Alloy	Absorption H [wt.%/H/M]	Residual H [wt.%/H/M]	Desorption H [wt.%/H/M]	Cycle Efficiency [%]
Al30Ti35Nb15Zr20	1.28/0.74	0.46/0.26	0.82/0.48	64.86
Al23Ti25Nb30Zr22	1.06/0.69	0.25/0.16	0.81/0.53	76.81
Al30Ti35Nb20Zr15	0.98/0.54	0.27/0.15	0.71/0.39	72.22
Al25Ti25Nb20Zr30	1.23/0.82	0.41/0.27	0.82/0.55	67.07
Al15Ti38Nb23Zr24	1.61/1.05	0.62/0.40	0.99/0.65	61.90
Al35Ti20Nb25Zr20	0.79/0.48	0.18/0.10	0.61/0.38	79.16
Al30Ti40Nb15Zr15	1.10/0.63	0.37/0.22	0.73/0.41	65.08
Al20Ti25Nb25Zr30	1.28/0.86	0.43/0.29	0.85/0.57	66.28
Al20Ti40Nb15Zr25	1.28/0.79	0.54/0.33	0.74/0.46	58.23
Al15Ti40Nb30Zr15	1.33/0.88	0.30/0.20	1.03/0.68	77.27

describes the values of absorbed, residual, and desorbed hydrogen, with the last column indicating the efficiency of the cycle. The highest storage capacity was achieved by the Al₁₅Ti₃₈Nb₂₃Zr₂₄ sample, with a value of 1.61 wt.% and an H/M ratio of 1.05.

4. Conclusions

Based on the prediction theory compiled according to the Hume-Rothery rules, the emergence of high-entropy phases was assumed. Most of the alloys show the one BCC phase, which was partially confirmed via X-ray diffraction.

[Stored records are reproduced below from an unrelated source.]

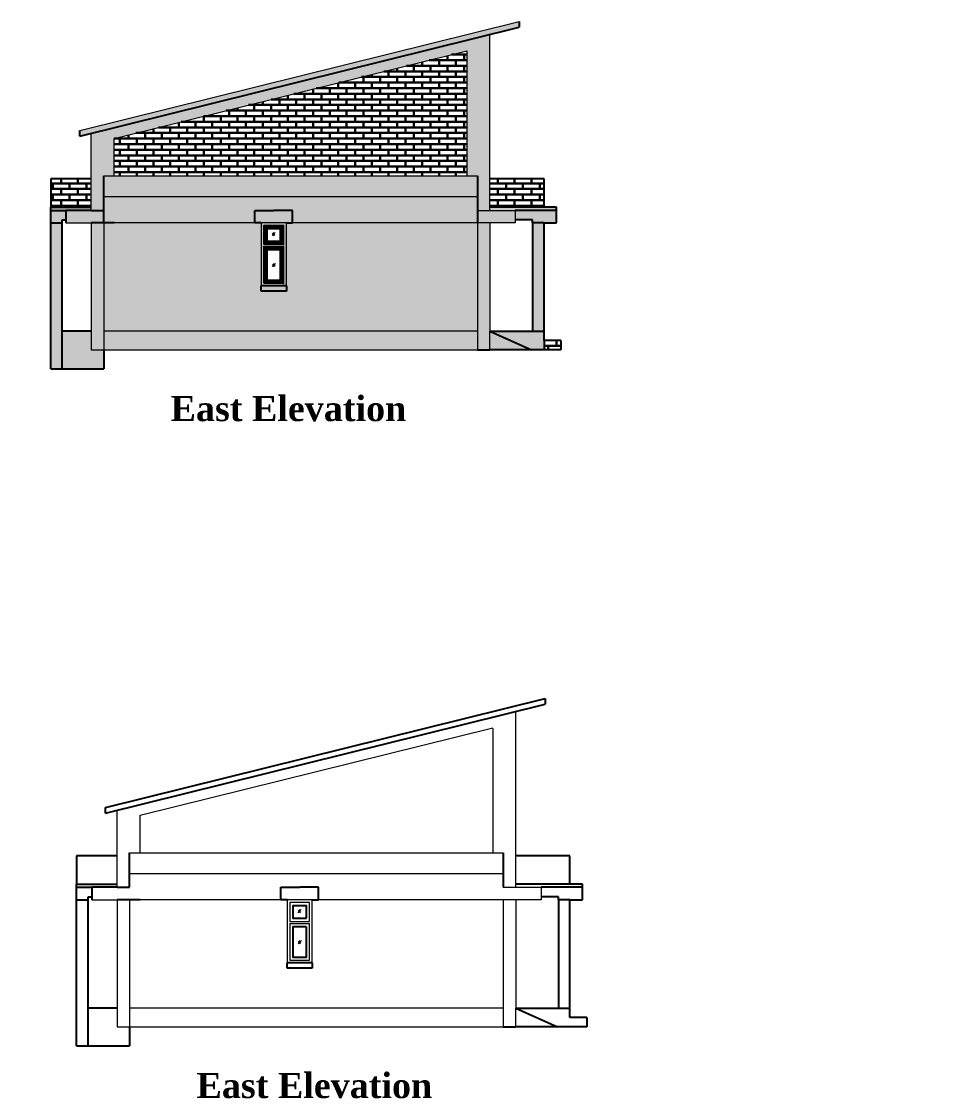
# Model space of a CAD drawing. Header units: inches. Extents: x -6800 to 96653, y -25814 to 17379.
# Drawn here: x 41496 to 42372, y -73 to 953 of the extents above; entities that cross this region are included whole.
import ezdxf

# ---------------------------------------------------------------- set-up
doc = ezdxf.new("R2010")
doc.units = ezdxf.units.IN
doc.header["$MEASUREMENT"] = 0
for name, color, linetype, lineweight in [('furniture', 44, 'Continuous', 15), ('Wall', 90, 'Continuous', 30), ('Win ele', 211, 'Continuous', 15), ('windows', 4, 'Continuous', 13)]:
    doc.layers.add(name, color=color, linetype=linetype, lineweight=lineweight)
doc.styles.get("Standard").update_dxf_attribs({"font": 'arial.ttf'})
pattern_1 = [(0, (15229.343, -2657.8174), (0, 5.334), []), (90, (15229.343, -2657.8174), (-8, 5.334), [5.334, -5.334])]

msp = doc.modelspace()

# ---------------------------------------------------------------- hatches: boundary and pattern name
at = {"true_color": 0xffffff, "transparency": 33554651}
h = msp.add_hatch(color=7, dxfattribs=at)
h.dxf.hatch_style = 1
h.paths.add_polyline_path([(41929.9, 785.9), (41573.9, 785.9), (41573.9, 760.9), (41717.9, 760.9), (41717.9, 772.9), (41735.9, 772.9), (41753.9, 772.9), (41753.9, 760.9), (41929.9, 760.9)])
h.paths.add_polyline_path([(41965.9, 772.9), (41929.9, 772.9), (41929.9, 760.9), (41965.9, 760.9)])
h.paths.add_polyline_path([(41573.9, 772.9), (41561.9, 772.9), (41537.9, 772.9), (41537.9, 760.9), (41561.9, 760.9), (41573.9, 760.9)])
at = {"true_color": 0xffffff, "transparency": 33554562}
h = msp.add_hatch(color=7, dxfattribs=at)
h.dxf.hatch_style = 1
h.paths.add_polyline_path([(42005.4, 775.9), (41941.9, 775.9), (41941.9, 772.9), (41965.9, 772.9), (42005.4, 772.9)])
h.paths.add_polyline_path([(41561.9, 775.9), (41523.4, 775.9), (41523.4, 772.9), (41537.9, 772.9), (41561.9, 772.9)])
at = {"true_color": 0xffffff, "transparency": 33554511}
h = msp.add_hatch(color=7, dxfattribs=at)
h.dxf.hatch_style = 1
h.paths.add_polyline_path([(41993.4, 760.9), (41982.4, 760.9), (41982.4, 657.9), (41993.4, 657.9)])
h.paths.add_polyline_path([(41534.4, 760.9), (41523.4, 760.9), (41523.4, 621.9), (41534.4, 621.9)])
h.paths.add_polyline_path([(41537.9, 772.9), (41523.4, 772.9), (41523.4, 760.9), (41534.4, 760.9), (41534.4, 763.9), (41537.9, 763.9)])
h.paths.add_polyline_path([(41561.9, 657.9), (41534.4, 657.9), (41534.4, 621.9), (41567.4, 621.9), (41573.9, 621.9), (41573.9, 639.9), (41561.9, 639.9)])
at = {"true_color": 0xffffff, "transparency": 33554687}
h = msp.add_hatch(color=7, dxfattribs=at)
h.dxf.hatch_style = 1
h.paths.add_polyline_path([(41753.9, 772.9), (41735.9, 772.9), (41717.9, 772.9), (41717.9, 760.9), (41723.9, 760.9), (41747.9, 760.9), (41753.9, 760.9)])
h.paths.add_polyline_path([(41747.9, 700.9), (41723.9, 700.9), (41723.9, 695.9), (41747.9, 695.9)])
at = {"true_color": 0xffffff, "transparency": 33554546}
h = msp.add_hatch(color=7, dxfattribs=at)
h.dxf.hatch_style = 1
h.paths.add_polyline_path([(42005.4, 772.9), (41965.9, 772.9), (41965.9, 763.9), (41982.4, 763.9), (41982.4, 760.9), (41993.4, 760.9), (42005.4, 760.9)])
at = {"true_color": 0xffffff, "transparency": 33554646}
h = msp.add_hatch(dxfattribs=at)
h.set_pattern_fill('ANSI31')
h.set_pattern_definition([(45, (15229.34297, -2657.81744), (-0.08838834765, 0.08838834765), [])])
h.paths.add_polyline_path([(41745.4, 738.4), (41726.4, 738.4), (41726.4, 703.4), (41745.4, 703.4)])
h.paths.add_polyline_path([(41742.4, 706.4), (41729.4, 706.4), (41729.4, 735.4), (41742.4, 735.4)], flags=16)
h.paths.add_polyline_path([(41745.4, 758.4), (41726.4, 758.4), (41726.4, 740.4), (41745.4, 740.4)])
h.paths.add_polyline_path([(41742.4, 743.4), (41729.4, 743.4), (41729.4, 755.4), (41742.4, 755.4)], flags=16)
h.paths.add_polyline_path([(42581.4, 738.4), (42561.4, 738.4), (42561.4, 701.4), (42581.4, 701.4)])
h.paths.add_polyline_path([(42577.8, 704.4), (42564.4, 704.4), (42564.4, 735.4), (42577.8, 735.4)], flags=16)
h.paths.add_polyline_path([(42602.2, 738.4), (42582.4, 738.4), (42582.4, 701.4), (42602.2, 701.4)])
h.paths.add_polyline_path([(42599.2, 735.4), (42599.2, 704.4), (42585.8, 704.4), (42585.8, 735.4)], flags=16)
h.paths.add_polyline_path([(42602.2, 758.4), (42582.4, 758.4), (42582.4, 740.4), (42602.2, 740.4)])
h.paths.add_polyline_path([(42585.8, 755.4), (42599.2, 755.4), (42599.2, 743.4), (42585.8, 743.4)], flags=16)
h.paths.add_polyline_path([(42581.4, 758.4), (42561.4, 758.4), (42561.4, 740.4), (42580.8, 740.4), (42581.4, 740.4)])
h.paths.add_polyline_path([(42577.8, 743.4), (42564.4, 743.4), (42564.4, 755.4), (42577.8, 755.4)], flags=16)
h.paths.add_polyline_path([(42622.6, 758.4), (42603.2, 758.4), (42603.2, 740.4), (42622.6, 740.4)])
h.paths.add_polyline_path([(42619.6, 743.4), (42606.2, 743.4), (42606.2, 755.4), (42619.6, 755.4)], flags=16)
h.paths.add_polyline_path([(42643, 758.4), (42623.6, 758.4), (42623.6, 740.4), (42643, 740.4)])
h.paths.add_polyline_path([(42626.6, 755.4), (42640, 755.4), (42640, 743.4), (42626.6, 743.4)], flags=16)
h.paths.add_polyline_path([(42663.4, 758.4), (42644, 758.4), (42644, 740.4), (42663.4, 740.4)])
h.paths.add_polyline_path([(42647, 755.4), (42660.4, 755.4), (42660.4, 743.4), (42647, 743.4)], flags=16)
h.paths.add_polyline_path([(42663.4, 738.4), (42644, 738.4), (42644, 701.4), (42663.4, 701.4)])
h.paths.add_polyline_path([(42647, 735.4), (42660.4, 735.4), (42660.4, 704.4), (42647, 704.4)], flags=16)
h.paths.add_polyline_path([(42643, 738.4), (42623.6, 738.4), (42623.6, 701.4), (42643, 701.4)])
h.paths.add_polyline_path([(42640, 704.4), (42626.6, 704.4), (42626.6, 735.4), (42640, 735.4)], flags=16)
h.paths.add_polyline_path([(42622.6, 738.4), (42603.2, 738.4), (42603.2, 701.4), (42622.6, 701.4)])
h.paths.add_polyline_path([(42619.6, 704.4), (42606.2, 704.4), (42606.2, 735.4), (42619.6, 735.4)], flags=16)
at = {"true_color": 0xffffff, "transparency": 33554666}
h = msp.add_hatch(color=7, dxfattribs=at)
h.dxf.hatch_style = 1
h.paths.add_polyline_path([(41929.9, 657.9), (41573.9, 657.9), (41573.9, 639.9), (41929.9, 639.9)])
at = {"true_color": 0xffffff, "transparency": 33554620}
h = msp.add_hatch(color=7, dxfattribs=at)
h.dxf.hatch_style = 1
h.paths.add_polyline_path([(41941.9, 657.9), (41941.9, 639.9), (41981.4, 639.9)])
at = {"true_color": 0xffffff, "transparency": 33554511}
h = msp.add_hatch(color=7, dxfattribs=at)
h.dxf.hatch_style = 1
h.paths.add_polyline_path([(41993.4, 648.9), (41993.4, 657.9), (41941.9, 657.9), (41981.4, 639.9), (41993.4, 639.9)])
at = {"layer": 'Wall', "true_color": 0xed1f24, "transparency": 33554562}
h = msp.add_hatch(dxfattribs=at)
h.set_pattern_fill('AR-BRSTD', color=240, scale=2)
h.set_pattern_definition(pattern_1)
h.paths.add_polyline_path([(41919.9, 924.9), (41583.9, 841.5), (41583.9, 805.7), (41919.9, 805.7)])
at = {"layer": 'Wall', "true_color": 0xed1f24, "transparency": 33554651}
h = msp.add_hatch(dxfattribs=at)
h.set_pattern_fill('AR-BRSTD', color=240, scale=2)
h.set_pattern_definition(pattern_1)
h.paths.add_polyline_path([(40000.6, 760.9), (39991.6, 760.9), (39991.6, 736.9), (39991.6, 730.9), (39883.6, 730.9), (39883.6, 657.9), (40000.6, 657.9)])
h.paths.add_polyline_path([(40911.3, 760.9), (40807.8, 760.9), (40807.8, 657.9), (40911.3, 657.9)])
h.paths.add_polyline_path([(40796.8, 760.9), (40688.8, 760.9), (40688.8, 657.9), (40796.8, 657.9)])
h.paths.add_polyline_path([(40677.8, 760.9), (40575.3, 760.9), (40575.3, 657.9), (40677.8, 657.9)])
h.paths.add_polyline_path([(40881.9, 802.9), (40636.5, 802.9), (40575.3, 802.9), (40911.3, 802.9)])
h.paths.add_polyline_path([(41929.9, 760.9), (41747.9, 760.9), (41747.9, 700.9), (41747.9, 695.9), (41723.9, 695.9), (41723.9, 700.9), (41723.9, 760.9), (41717.9, 760.9), (41573.9, 760.9), (41573.9, 657.9), (41929.9, 657.9)])
h.paths.add_polyline_path([(41908.9, 805.7), (41605.9, 805.7), (41583.9, 805.7), (41919.9, 805.7)], flags=16)
h.paths.add_polyline_path([(41929.9, 805.7), (41573.9, 805.7), (41573.9, 785.9), (41929.9, 785.9)])
h.paths.add_polyline_path([(42784.9, 763.9), (42676.9, 763.9), (42676.9, 657.9), (42784.9, 657.9)])
h.paths.add_polyline_path([(42903.9, 763.9), (42795.9, 763.9), (42795.9, 657.9), (42819.9, 657.9), (42819.9, 741.9), (42879.9, 741.9), (42879.9, 657.9), (42903.9, 657.9)])
h.paths.add_polyline_path([(43022.9, 763.9), (42914.9, 763.9), (42914.9, 657.9), (43022.9, 657.9)])
h.paths.add_polyline_path([(43141.9, 763.9), (43130.3, 763.9), (43033.9, 763.9), (43033.9, 657.9), (43141.9, 657.9)])
h.paths.add_polyline_path([(43207.8, 802.9), (43141.9, 802.9), (43141.9, 800.4), (43141.9, 785.9), (43207.8, 785.9)])
h.paths.add_polyline_path([(42665.9, 805.7), (42548.9, 805.7), (42548.9, 785.9), (42665.9, 785.9)])
h.paths.add_polyline_path([(42558.9, 760.9), (42548.9, 760.9), (42548.9, 657.9), (42665.9, 657.9), (42665.9, 693.9), (42558.9, 693.9), (42558.9, 698.9)])
at = {"layer": 'Wall', "true_color": 0xed1f24, "transparency": 33554562}
h = msp.add_hatch(dxfattribs=at)
h.set_pattern_fill('AR-BRSTD', color=240, scale=2)
h.set_pattern_definition(pattern_1)
h.paths.add_polyline_path([(41561.9, 802.8), (41523.4, 802.8), (41523.4, 775.9), (41561.9, 775.9)])
h = msp.add_hatch(dxfattribs=at)
h.set_pattern_fill('AR-BRSTD', color=240, scale=2)
h.set_pattern_definition(pattern_1)
h.paths.add_polyline_path([(41993.4, 802.9), (41941.9, 802.9), (41941.9, 775.9), (41993.4, 775.9)])
at = {"layer": 'Wall', "true_color": 0xbaa52c, "transparency": 33554651}
h = msp.add_hatch(color=55, dxfattribs=at)
h.dxf.hatch_style = 1
h.paths.add_polyline_path([(41747.9, 760.9), (41723.9, 760.9), (41723.9, 700.9), (41747.9, 700.9)])
h.paths.add_polyline_path([(41726.4, 758.4), (41745.4, 758.4), (41745.4, 740.4), (41726.4, 740.4)], flags=16)
h.paths.add_polyline_path([(41729.4, 743.4), (41729.4, 755.4), (41742.4, 755.4), (41742.4, 743.4)], flags=0)
h.paths.add_polyline_path([(41726.4, 738.4), (41745.4, 738.4), (41745.4, 703.4), (41726.4, 703.4)], flags=16)
h.paths.add_polyline_path([(41729.4, 735.4), (41742.4, 735.4), (41742.4, 706.4), (41729.4, 706.4)], flags=0)
at = {"layer": 'Wall', "true_color": 0xed1f24, "transparency": 33554562}
h = msp.add_hatch(dxfattribs=at)
h.set_pattern_fill('AR-BRSTD', color=240, scale=2)
h.set_pattern_definition(pattern_1)
h.paths.add_polyline_path([(42009.4, 648.9), (41993.4, 648.9), (41993.4, 639.9), (42009.4, 639.9)])
at = {"layer": 'Win ele', "transparency": 33554526}
h = msp.add_hatch(color=256, dxfattribs=at)
h.dxf.hatch_style = 1
h.paths.add_polyline_path([(41941.9, 940.6), (41561.9, 846.4), (41561.9, 772.9), (41573.9, 772.9), (41573.9, 805.7), (41583.9, 805.7), (41583.9, 841.5), (41919.9, 924.9), (41919.9, 805.7), (41929.9, 805.7), (41929.9, 772.9), (41941.9, 772.9)])
h.paths.add_polyline_path([(41941.9, 760.9), (41929.9, 760.9), (41929.9, 639.9), (41941.9, 639.9), (41941.9, 657.9)])
h.paths.add_polyline_path([(41573.9, 760.9), (41561.9, 760.9), (41561.9, 639.9), (41573.9, 639.9)])
at = {"layer": 'windows', "true_color": 0xc7c8ca, "transparency": 33554687}
h = msp.add_hatch(color=9, dxfattribs=at)
h.dxf.hatch_style = 1
h.paths.add_polyline_path([(40525.5, 952.8), (40525.5, 947.5), (40944.3, 843.6), (40944.3, 848.9)])
h.paths.add_polyline_path([(41969.8, 947.5), (41969.8, 952.8), (41551, 848.9), (41551, 843.6)])
h.paths.add_polyline_path([(43164.9, 952.8), (42653.9, 952.8), (42653.9, 947.5), (43164.9, 947.5)])

# ---------------------------------------------------------------- linework, layer by layer
at = {"transparency": 33554687}
for p, q in [((41551, 843.6), (41969.8, 947.5)), ((41969.8, 952.8), (41969.8, 947.5)), ((41551, 843.6), (41551, 848.9)), ((41573.9, 760.9), (41573.9, 805.7)), ((41929.9, 805.7), (41929.9, 760.9)), ((41561.9, 772.9), (41537.9, 772.9)), ((41537.9, 772.9), (41537.9, 760.9)), ((41561.9, 772.9), (41573.9, 772.9)), ((41717.9, 760.9), (41717.9, 772.9)), ((41717.9, 772.9), (41735.9, 772.9)), ((41753.9, 772.9), (41735.9, 772.9)), ((41753.9, 760.9), (41753.9, 772.9)), ((41568.4, 760.9), (41561.9, 760.9)), ((41579.4, 760.9), (41568.4, 760.9)), ((41723.9, 760.9), (41717.9, 760.9)), ((41747.9, 760.9), (41753.9, 760.9)), ((41723.9, 695.9), (41723.9, 700.9)), ((41747.9, 700.9), (41723.9, 700.9)), ((41747.9, 700.9), (41747.9, 695.9)), ((41747.9, 695.9), (41723.9, 695.9)), ((41575.6, 204), (41994.5, 307.9)), ((41994.5, 307.9), (41994.5, 302.6)), ((41575.6, 198.7), (41994.5, 302.6)), ((41575.6, 198.7), (41575.6, 204)), ((41598.6, 128), (41598.6, 160.8)), ((41954.6, 160.8), (41954.6, 128)), ((41586.6, 128), (41562.6, 128)), ((41562.6, 128), (41562.6, 116)), ((41586.6, 128), (41598.6, 128)), ((41742.6, 116), (41742.6, 128)), ((41742.6, 128), (41760.6, 128)), ((41778.6, 128), (41760.6, 128)), ((41778.6, 116), (41778.6, 128)), ((41593.1, 116), (41586.6, 116)), ((41604.1, 116), (41593.1, 116)), ((41748.6, 116), (41742.6, 116)), ((41772.6, 116), (41778.6, 116)), ((41748.6, 51), (41748.6, 56)), ((41772.6, 56), (41748.6, 56)), ((41772.6, 56), (41772.6, 51)), ((41772.6, 51), (41748.6, 51))]:
    msp.add_line(p, q, dxfattribs=at)
at = {"lineweight": 5, "transparency": 33554610}
for p, q in [((41941.9, 772.9), (41941.9, 940.6)), ((41583.9, 841.5), (41919.9, 924.9)), ((41919.9, 924.9), (41919.9, 805.7)), ((41583.9, 805.7), (41583.9, 841.5)), ((41561.9, 760.9), (41561.9, 639.9)), ((41941.9, 760.9), (41941.9, 657.9)), ((41941.9, 639.9), (41941.9, 657.9)), ((41561.9, 639.9), (41573.9, 639.9)), ((41966.6, 128), (41966.6, 295.7)), ((41608.6, 196.6), (41944.6, 279.9)), ((41944.6, 279.3), (41944.6, 160.8)), ((41608.6, 160.8), (41608.6, 196.6)), ((41586.6, 116), (41586.6, -5)), ((41966.6, 116), (41966.6, 13)), ((41966.6, -5), (41966.6, 13)), ((41586.6, -5), (41598.6, -5))]:
    msp.add_line(p, q, dxfattribs=at)
at = {"lineweight": 9, "transparency": 33554687}
for p, q in [((41561.9, 772.9), (41561.9, 846.4)), ((41573.9, 805.7), (41929.9, 805.7)), ((41929.9, 785.9), (41573.9, 785.9)), ((41929.9, 772.9), (41965.9, 772.9)), ((41965.9, 772.9), (41965.9, 760.9)), ((41537.9, 760.9), (41561.9, 760.9)), ((41965.9, 760.9), (41568.4, 760.9)), ((41573.9, 760.9), (41573.9, 639.9)), ((41929.9, 760.9), (41929.9, 639.9)), ((41929.9, 657.9), (41573.9, 657.9)), ((41573.9, 639.9), (41929.9, 639.9)), ((41586.6, 128), (41586.6, 201.4)), ((41598.6, 160.8), (41954.6, 160.8)), ((41954.6, 141), (41598.6, 141)), ((41954.6, 128), (41990.6, 128)), ((41990.6, 128), (41990.6, 116)), ((41562.6, 116), (41586.6, 116)), ((41990.6, 116), (41593.1, 116)), ((41598.6, 116), (41598.6, -5)), ((41954.6, 116), (41954.6, -5)), ((41954.6, 13), (41598.6, 13)), ((41598.6, -5), (41954.6, -5))]:
    msp.add_line(p, q, dxfattribs=at)
at = {"transparency": 33554585}
for p, q in [((41561.9, 802.8), (41523.4, 802.8)), ((41523.4, 802.8), (41523.4, 775.9)), ((41993.4, 802.9), (41941.9, 802.9)), ((41993.4, 775.9), (41993.4, 802.9)), ((41523.4, 772.9), (41523.4, 775.9)), ((41523.4, 775.9), (41561.9, 775.9)), ((41523.4, 760.9), (41523.4, 772.9)), ((41523.4, 772.9), (41537.9, 772.9)), ((42005.4, 775.9), (41941.9, 775.9)), ((42005.4, 772.9), (41965.9, 772.9)), ((42005.4, 772.9), (42005.4, 775.9)), ((42005.4, 760.9), (42005.4, 772.9)), ((41523.4, 621.9), (41523.4, 760.9)), ((41523.4, 760.9), (41534.4, 760.9)), ((41534.4, 621.9), (41534.4, 763.9)), ((41534.4, 763.9), (41537.9, 763.9)), ((41583.9, 760.9), (41561.9, 760.9)), ((41982.4, 763.9), (41965.9, 763.9)), ((41982.4, 760.9), (41982.4, 763.9)), ((41993.4, 760.9), (41982.4, 760.9)), ((41982.4, 760.9), (41982.4, 657.9)), ((41993.4, 657.9), (41993.4, 760.9)), ((41993.4, 760.9), (42005.4, 760.9)), ((41561.9, 657.9), (41534.4, 657.9)), ((41941.9, 657.9), (41993.4, 657.9)), ((41993.4, 648.9), (41993.4, 657.9)), ((42009.4, 648.9), (41993.4, 648.9)), ((41993.4, 648.9), (41993.4, 639.9)), ((42009.4, 648.9), (42009.4, 639.9)), ((41573.9, 639.9), (41573.9, 621.9)), ((41981.4, 639.9), (41941.9, 639.9)), ((42009.4, 639.9), (41981.4, 639.9)), ((41523.4, 621.9), (41567.4, 621.9)), ((41567.4, 621.9), (41573.9, 621.9)), ((41586.6, 157.9), (41548.1, 157.9)), ((41548.1, 157.9), (41548.1, 131)), ((42018.1, 158), (41966.6, 158)), ((42018.1, 131), (42018.1, 158)), ((41548.1, 128), (41548.1, 131)), ((41548.1, 131), (41586.6, 131)), ((41548.1, 116), (41548.1, 128)), ((41548.1, 128), (41562.6, 128)), ((42030.1, 131), (41966.6, 131)), ((42030.1, 128), (41990.6, 128)), ((42030.1, 128), (42030.1, 131)), ((42030.1, 116), (42030.1, 128)), ((41548.1, -23), (41548.1, 116)), ((41548.1, 116), (41559.1, 116)), ((41559.1, -23), (41559.1, 119)), ((41559.1, 119), (41562.6, 119)), ((41608.6, 116), (41586.6, 116)), ((42007.1, 119), (41990.6, 119)), ((42007.1, 116), (42007.1, 119)), ((42018.1, 116), (42007.1, 116)), ((42007.1, 116), (42007.1, 13)), ((42018.1, 13), (42018.1, 116)), ((42018.1, 116), (42030.1, 116)), ((41586.6, 13), (41559.1, 13)), ((41966.6, 13), (42018.1, 13)), ((42018.1, 4), (42018.1, 13)), ((42034.1, 4), (42018.1, 4)), ((42034.1, 4), (42034.1, -5)), ((41598.6, -5), (41598.6, -23)), ((42006.1, -5), (41966.6, -5)), ((42034.1, -5), (42006.1, -5)), ((41548.1, -23), (41592.1, -23)), ((41592.1, -23), (41598.6, -23))]:
    msp.add_line(p, q, dxfattribs=at)
at = {"transparency": 33554636}
for p, q in [((41941.9, 657.9), (41981.4, 639.9)), ((41929.9, 639.9), (41941.9, 639.9)), ((41966.6, 13), (42006.1, -5)), ((41954.6, -5), (41966.6, -5))]:
    msp.add_line(p, q, dxfattribs=at)
at = {"transparency": 33554687}
for points in [[(41742.4, 743.4), (41742.4, 755.4), (41729.4, 755.4), (41729.4, 743.4)], [(41742.4, 735.4), (41729.4, 735.4), (41729.4, 706.4), (41742.4, 706.4)], [(41767.1, 98.5), (41767.1, 110.5), (41754.1, 110.5), (41754.1, 98.5)], [(41767.1, 90.5), (41754.1, 90.5), (41754.1, 61.5), (41767.1, 61.5)]]:
    msp.add_lwpolyline(points, close=True, dxfattribs=at)
at = {"layer": 'furniture', "transparency": 33554687}
for p, q in [((41747.9, 760.9), (41723.9, 760.9)), ((41723.9, 760.9), (41723.9, 700.9)), ((41747.9, 700.9), (41747.9, 760.9)), ((41737.4, 751.8), (41734.3, 748.8)), ((41736, 751.7), (41734.4, 750.2)), ((41736.8, 749.8), (41735.6, 748.6)), ((41726.4, 738.4), (41745.4, 738.4)), ((41737.7, 722.3), (41734.5, 719.3)), ((41736.2, 722.2), (41734.6, 720.7)), ((41737.1, 720.3), (41735.8, 719.1)), ((41723.9, 700.9), (41747.9, 700.9)), ((41772.6, 116), (41748.6, 116)), ((41748.6, 116), (41748.6, 56)), ((41772.6, 56), (41772.6, 116)), ((41762.1, 106.8), (41759, 103.8)), ((41760.6, 106.8), (41759.1, 105.3)), ((41761.5, 104.9), (41760.3, 103.7)), ((41751.1, 93.5), (41770.1, 93.5)), ((41762.3, 77.3), (41759.2, 74.3)), ((41760.9, 77.3), (41759.3, 75.8)), ((41761.7, 75.4), (41760.5, 74.2)), ((41748.6, 56), (41772.6, 56))]:
    msp.add_line(p, q, dxfattribs=at)
for points in [[(41745.4, 740.4), (41745.4, 758.4), (41726.4, 758.4), (41726.4, 740.4)], [(41770.1, 95.5), (41770.1, 113.5), (41751.1, 113.5), (41751.1, 95.5)]]:
    msp.add_lwpolyline(points, close=True, dxfattribs=at)
for points in [[(41726.4, 738.4), (41726.4, 703.4), (41745.4, 703.4), (41745.4, 738.4)], [(41751.1, 93.5), (41751.1, 58.5), (41770.1, 58.5), (41770.1, 93.5)]]:
    msp.add_lwpolyline(points, dxfattribs=at)
at = {"layer": 'windows', "color": 9, "true_color": 0xc7c8ca, "transparency": 33554687}
msp.add_line((41551, 848.9), (41969.8, 952.8), dxfattribs=at)

# ---------------------------------------------------------------- texts
at = {"transparency": 33554687, "char_height": 24, "attachment_point": 1}
for insert in [(41637.6, 596.1), (41662.3, -48.8)]:
    msp.add_mtext_dynamic_manual_height_columns('{\\fTimes New Roman|b1|i0|c0|p18;East Elevation}', width=405.729, gutter_width=1, heights=[0], dxfattribs=dict(at, insert=insert))

doc.saveas('drawing.dxf')

Samples with the elemental composition Al-Ti-Nb-Zr align with our goal of reducing specific weight, with the highest specific weight being recorded for the Al₂₀Ti₂₅Nb₂₅Zr₃₀ sample at 6.15 g.cm⁻³. All samples underwent high-pressure gravimetric analysis for hydrogen absorption and desorption in two cycles at 200 °C and a hydrogen pressure of 2.10⁶ Pa. No rare-earth elements were used in the production of the samples, which also reduced the cost of manufacturing the alloys. The Al₁₅Ti₃₈Nb₂₃Zr₂₄ alloy reached a storage capacity of 1.61 wt.% and a density of 5.87 g.cm⁻³, comparable to the commercial material LaNi₅, which reaches a storage capacity value of 1.4 wt.% and a density of 7.95 g.cm⁻³ [7].